One of the key advantages of the Innovation Centres is key capability to rapidly prototype new products using different materials. This rapid prototyping enables practical, hands-on testing of materials in real-world applications, allowing for adjustments and optimisations before finalising the material selection for production. This process and capability is continuously recognised as a key strength of our partnership with our global customers, thanks to 3 different R&D centres in the region, Rosti could bring not only fast delivery but also unity of prototyping services;
In addition to performance and compliance, Innovation Centres also consider environmental impact in the material selection process. It is one very clear trend that, for global medical customers, especially for those with consumables spending, sustainability is a “must have” service that Rosti can co-develop from resin point of view.
Ensuring Material Compliance and Safety
Rosti uses materials that have been certified as safe and appropriate for medical use. Most of the time, Medical customers have existing resin suppliers or at least preference during development stage for compliance reasons. Still Rosti plays a key supportive role to build up the bridge between customers and resin supplier to double check not about technical feasibility, but also for safety/regulation consultancy;
Rosti carefully selects and audits our material suppliers to ensure they meet high standards required for medical products. Supplier audits and ongoing performance evaluations ensure that only high-quality and compliant materials are used in the manufacturing process based on customer target market entry regulatory requirements.
We collaborate with regulatory experts and consultants who specialise in medical device regulations across different markets. This ensures that the materials and the final products are compliant with all relevant international regulations, such as FDA regulations in the U.S., the European Medical Device Regulation (MDR), and others.
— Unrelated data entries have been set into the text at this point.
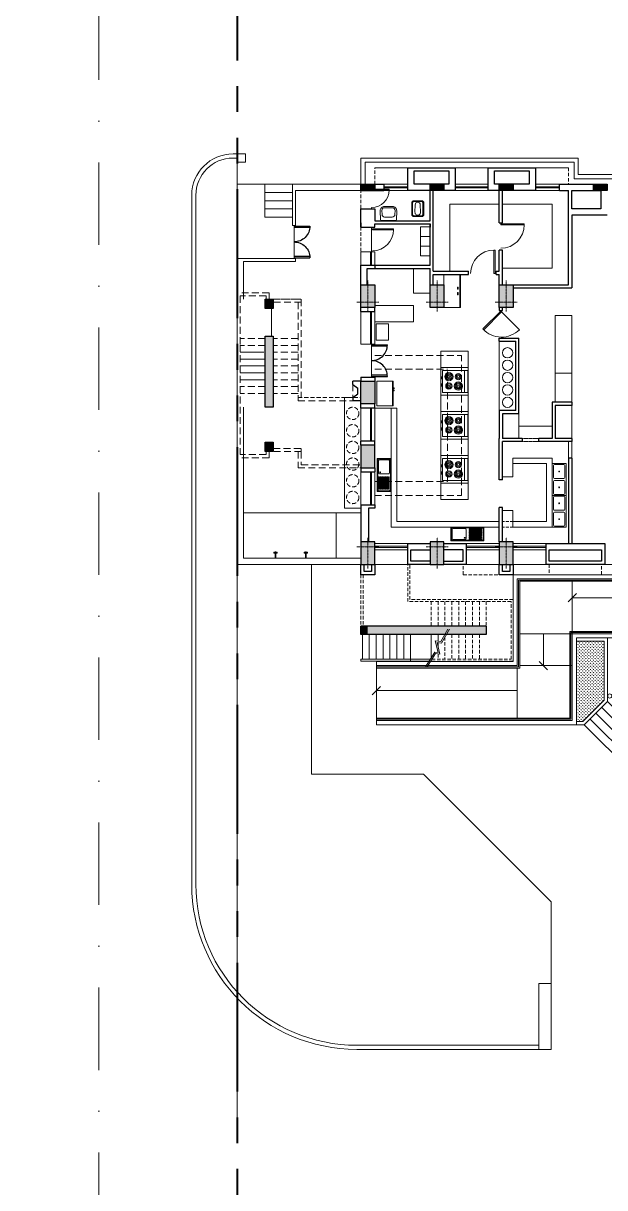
# Model space of a CAD drawing. Header units: inches. Extents: x 5542223 to 12533222, y 497239 to 5189502.
# Drawn here: x 6743745 to 6764877, y 2111526 to 2153867 of the extents above; entities that cross this region are included whole.
import ezdxf

# ---------------------------------------------------------------- set-up
doc = ezdxf.new("R2010")
doc.units = ezdxf.units.IN
doc.header["$MEASUREMENT"] = 0
for name, pattern in [('CENTER2', [1.125, 0.75, -0.125, 0.125, -0.125]), ('DASHDOT', [1, 0.5, -0.25, 0, -0.25]), ('DASHED2', [0.375, 0.25, -0.125]), ('HIDDEN', [0.375, 0.25, -0.125]), ('HIDDEN2', [0.1875, 0.125, -0.0625]), ('HIDDENX2', [0.75, 0.5, -0.25]), ('PHANTOM2', [1.25, 0.625, -0.125, 0.125, -0.125, 0.125, -0.125])]:
    doc.linetypes.add(name, pattern=pattern)
doc.layers.get('0').update_dxf_attribs({"color": 1})
for name, color, linetype, lineweight in [('col', 7, 'Continuous', 30), ('DOOR', 7, 'Continuous', 9), ('ELE', 7, 'Continuous', 13), ('ele1', 7, 'DASHED2', 13), ('eleline5', 7, 'Continuous', 25), ('grid', 7, 'CENTER2', 9), ('hatch_col', 8, 'Continuous', 5), ('HosGreenHatch', 7, 'Continuous', 5), ('HosPlanter', 7, 'Continuous', 13), ('HosRamp', 7, 'Continuous', 13), ('HosSteps', 7, 'Continuous', 13), ('LS PAVMNT', 8, 'Continuous', 5), ('PAVEMENT', 7, 'Continuous', 15), ('PROJECTION', 7, 'HIDDEN', 18), ('railing', 253, 'Continuous', 15), ('RAILING_ABOVE', 7, 'HIDDENX2', 18), ('Road', 7, 'Continuous', 15), ('Road_center', 7, 'DASHDOT', 13), ('Road_CStone', 8, 'Continuous', 15), ('ROW', 7, 'PHANTOM2', 40), ('S_Stair_Projection', 7, 'HIDDEN2', 18), ('STAIR', 253, 'Continuous', 5), ('STAIRS_ABOVE', 7, 'HIDDENX2', 18), ('TEXT', 7, 'Continuous', 20), ('TOIFIT', 7, 'Continuous', 13), ('WALL', 7, 'Continuous', 30), ('wall_ele', 7, 'Continuous', 18), ('WIN', 7, 'Continuous', 20)]:
    doc.layers.add(name, color=color, linetype=linetype, lineweight=lineweight)
doc.layers.add('FURN', color=34, linetype='Continuous', lineweight=9, plot=False)
doc.styles.add('style1', font='ROMANS.SHX', dxfattribs={"width": 0.75, "height": 750})
doc.dimstyles.new('nuts', dxfattribs={"dimscale": 0, "dimtxt": 300, "dimasz": 250, "dimexe": 100, "dimexo": 50, "dimgap": 100, "dimtad": 1, "dimdec": 0, "dimzin": 0, "dimdsep": 46, "dimtxsty": 'style1', "dimblk": 'OBLIQUE', "dimcen": 250, "dimdle": 100, "dimclrd": 256, "dimclre": 256, "dimclrt": 256, "dimadec": 0, "dimazin": 0, "dimtfac": 1, "dimtdec": 0, "dimtmove": 2, "dimatfit": 3, "dimldrblk": 'OBLIQUE', "dimfxl": 1, "dimlwd": -1, "dimlwe": -1, "dimarcsym": 0})

# ---------------------------------------------------------------- blocks, each defined once
blk = doc.blocks.new('BHOSEDGESTAIR')
at = {"layer": 'hatch_col', "ltscale": 1000}
for points in [[(4200, -4480), (4500, -4480), (4500, -4825), (4200, -4825)], [(4200, -9675), (4500, -9675), (4500, -10020), (4200, -10020)]]:
    blk.add_hatch(color=256, dxfattribs=at).paths.add_polyline_path(points)
h = blk.add_hatch(color=256, dxfattribs=at)
h.paths.add_polyline_path([(4350, -6325), (4500, -6325), (4500, -8675), (4350, -8675)])
h.paths.add_polyline_path([(4350, -8675), (4200, -8675), (4200, -6325), (4350, -6325)])
h.paths.add_polyline_path([(4500, -6325), (4350, -6325), (4350, -6095), (4500, -6095)])
h.paths.add_polyline_path([(4200, -6095), (4350, -6095), (4350, -6325), (4200, -6325)])
at = {"layer": 'ELE', "ltscale": 0.1}
blk.add_line((4270, -9675), (4270, -8675), dxfattribs=at)
at = {"layer": 'railing', "ltscale": 3}
for p, q in [((4500, -7090), (5400, -7090)), ((4500, -7340), (5400, -7340)), ((4500, -7590), (5400, -7590)), ((4493, -7840), (5400, -7840)), ((4792, -8090), (5400, -8090))]:
    blk.add_line(p, q, dxfattribs=at)
at = {"layer": 'RAILING_ABOVE', "lineweight": 15, "ltscale": 500}
for p, q in [((3300, -3885), (1020, -3885)), ((3185, -4000), (1020, -4000)), ((3185, -4480), (3185, -4000)), ((3300, -4480), (3300, -3885)), ((4350, -4480), (4350, -4250)), ((4350, -4250), (5515, -4250)), ((4465, -4365), (5400, -4365)), ((4465, -4480), (4465, -4365)), ((5400, -8356), (5400, -4365)), ((5515, -8426), (5515, -4250)), ((3300, -6325), (1020, -6325)), ((3300, -6440), (3300, -6325)), ((3185, -10020), (3185, -6440)), ((3300, -9905), (3300, -6440)), ((3300, -6590), (4200, -6590)), ((4500, -6590), (5400, -6590)), ((3300, -6840), (4200, -6840)), ((3300, -7090), (4200, -7090)), ((4500, -6840), (5400, -6840)), ((3300, -7340), (4200, -7340)), ((3300, -7590), (4200, -7590)), ((3300, -7840), (4200, -7840)), ((3300, -8090), (4200, -8090)), ((3300, -8340), (4200, -8340)), ((4798, -8090), (4500, -8090)), ((4500, -8340), (5400, -8340)), ((5400, -10135), (5400, -8356)), ((5515, -10250), (5515, -8426)), ((3300, -8590), (4200, -8590)), ((4500, -8590), (5407, -8590)), ((3300, -10020), (4200, -10020)), ((4350, -10020), (4350, -10250)), ((4465, -10020), (4465, -10135)), ((4465, -10135), (5400, -10135)), ((4350, -10250), (5515, -10250))]:
    blk.add_line(p, q, dxfattribs=at)
at = {"layer": 'RAILING_ABOVE', "lineweight": 15, "ltscale": 300}
blk.add_line((3300, -6440), (1020, -6440), dxfattribs=at)
at = {"layer": 'RAILING_ABOVE', "lineweight": 15, "ltscale": 500}
for points in [[(4200, -4595), (3185, -4595), (3185, -4480), (4200, -4480)], [(4200, -10020), (3185, -10020), (3185, -9905), (4200, -9905)]]:
    blk.add_lwpolyline(points, close=True, dxfattribs=at)
at = {"layer": 'WALL', "ltscale": 25}
for points in [[(4200, -4480), (4500, -4480), (4500, -4825), (4200, -4825)], [(4200, -9675), (4500, -9675), (4500, -10020), (4200, -10020)]]:
    blk.add_lwpolyline(points, close=True, dxfattribs=at)
at = {"layer": 'WALL', "ltscale": 1000}
blk.add_lwpolyline([(4200, -8675), (4200, -6095), (4500, -6095), (4500, -8675), (4200, -8675)], close=True, dxfattribs=at)
blk = doc.blocks.new('HosStairSide')
at = {"layer": 'hatch_col', "ltscale": 1000}
blk.add_hatch(color=256, dxfattribs=at).paths.add_polyline_path([(-250, 2175), (-500, 2175), (-500, 1875), (-250, 1875)])
h = blk.add_hatch(color=256, dxfattribs=at)
h.paths.add_polyline_path([(-250, 2175), (-250, 1875), (2265, 1875), (2265, 2175)])
h.paths.add_polyline_path([(2265, 2175), (2265, 1875), (4055, 1875), (4055, 2175)])
at = {"layer": 'railing', "ltscale": 50}
for p, q in [((1305, 3075), (1305, 3150)), ((2055, 3113), (2055, 3150))]:
    blk.add_line(p, q, dxfattribs=at)
for points in [[(-500, 3150), (1974, 3150)], [(-500, 3150), (-500, 3075)], [(-500, 3075), (2020, 3075)]]:
    blk.add_lwpolyline(points, dxfattribs=at)
at = {"layer": 'STAIR', "ltscale": 50}
for p, q in [((-445, 2175), (-445, 3075)), ((-195, 2175), (-195, 3075)), ((55, 2175), (55, 3075)), ((305, 2175), (305, 3075)), ((555, 2175), (555, 3075)), ((805, 2175), (805, 3075)), ((1055, 2175), (1055, 3075)), ((1305, 2175), (1305, 3075)), ((2055, 2175), (2055, 3017)), ((2305, 2175), (2305, 2416))]:
    blk.add_line(p, q, dxfattribs=at)
at = {"layer": 'STAIR', "linetype": 'DASHED2', "ltscale": 500}
for p, q in [((2555, 2263), (2555, 3075)), ((2805, 2175), (2805, 3075)), ((3055, 2175), (3055, 3075)), ((3305, 2175), (3305, 3075)), ((3555, 2175), (3555, 3075)), ((3805, 2175), (3805, 3075)), ((-500, -375), (-500, 1875)), ((-425, 0), (-425, 1875)), ((2055, 975), (2055, 1875)), ((2305, 975), (2305, 1875)), ((2555, 975), (2555, 1875)), ((2805, 975), (2805, 1875)), ((3055, 975), (3055, 1875)), ((3305, 975), (3305, 1875)), ((3555, 975), (3555, 1875)), ((3805, 975), (3805, 1875)), ((4055, 975), (4055, 1875))]:
    blk.add_line(p, q, dxfattribs=at)
for points in [[(2078, 3075), (4955, 3075), (4955, 975), (1200, 975), (1200, -375)], [(2078, 3150), (5030, 3150), (5030, 900), (1275, 900), (1275, -375)]]:
    blk.add_lwpolyline(points, dxfattribs=at)
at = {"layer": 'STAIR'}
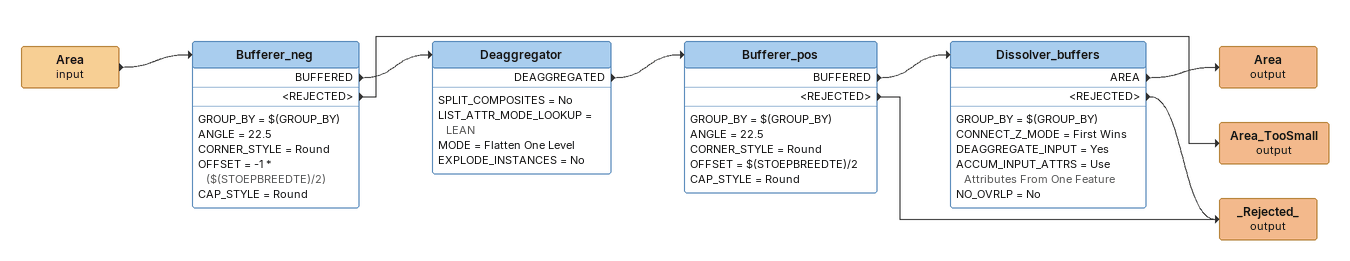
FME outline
Area (input)
    -> Bufferer_neg
Bufferer_neg
    GROUP_BY = $(GROUP_BY)
    ANGLE = 22.5
    CORNER_STYLE = Round
    OFFSET = -1 * ($(STOEPBREEDTE)/2)
    CAP_STYLE = Round
    BUFFERED -> Deaggregator
    <REJECTED> -> Area_TooSmall (output)
Deaggregator
    SPLIT_COMPOSITES = No
    LIST_ATTR_MODE_LOOKUP = LEAN
    MODE = Flatten One Level
    EXPLODE_INSTANCES = No
    DEAGGREGATED -> Bufferer_pos
Bufferer_pos
    GROUP_BY = $(GROUP_BY)
    ANGLE = 22.5
    CORNER_STYLE = Round
    OFFSET = $(STOEPBREEDTE)/2
    CAP_STYLE = Round
    BUFFERED -> Dissolver_buffers
    <REJECTED> -> _Rejected_ (output)
Dissolver_buffers
    GROUP_BY = $(GROUP_BY)
    CONNECT_Z_MODE = First Wins
    DEAGGREGATE_INPUT = Yes
    ACCUM_INPUT_ATTRS = Use Attributes From One Feature
    NO_OVRLP = No
    AREA -> Area (output)
    <REJECTED> -> _Rejected_ (output)
Area (output)
_Rejected_ (output)
Area_TooSmall (output)

Shifting to Sustainable Materials
Different markets such as US, Europe and Asia don’t have exactly the same understanding or definition for medical materials. From our point of view, based on what we see from consumer market trends, there are inevitable trends that are emerging in the medical devices and consumables market.
The medical sector is expected to increase its use of biodegradable polymers for applications such as sutures, implants, and drug delivery systems, where temporary use of the material aligns with the lifecycle of the product. Bio-based polymers derived from renewable resources might also see increased use, reducing dependency on fossil fuels.
There will be a growing emphasis on developing recycling schemes for medical plastics, particularly for non-infectious waste. The industry might see innovations aimed at making medical products more amenable to recycling, or efforts to safely sterilize and reuse certain materials.
Companies will increasingly demand transparency in their supply chains, not just to ensure material quality and compliance but also to verify the sustainability of the materials used. Life Cycle Assessments (LCA) will become more common to evaluate the environmental impact of materials throughout their lifecycle.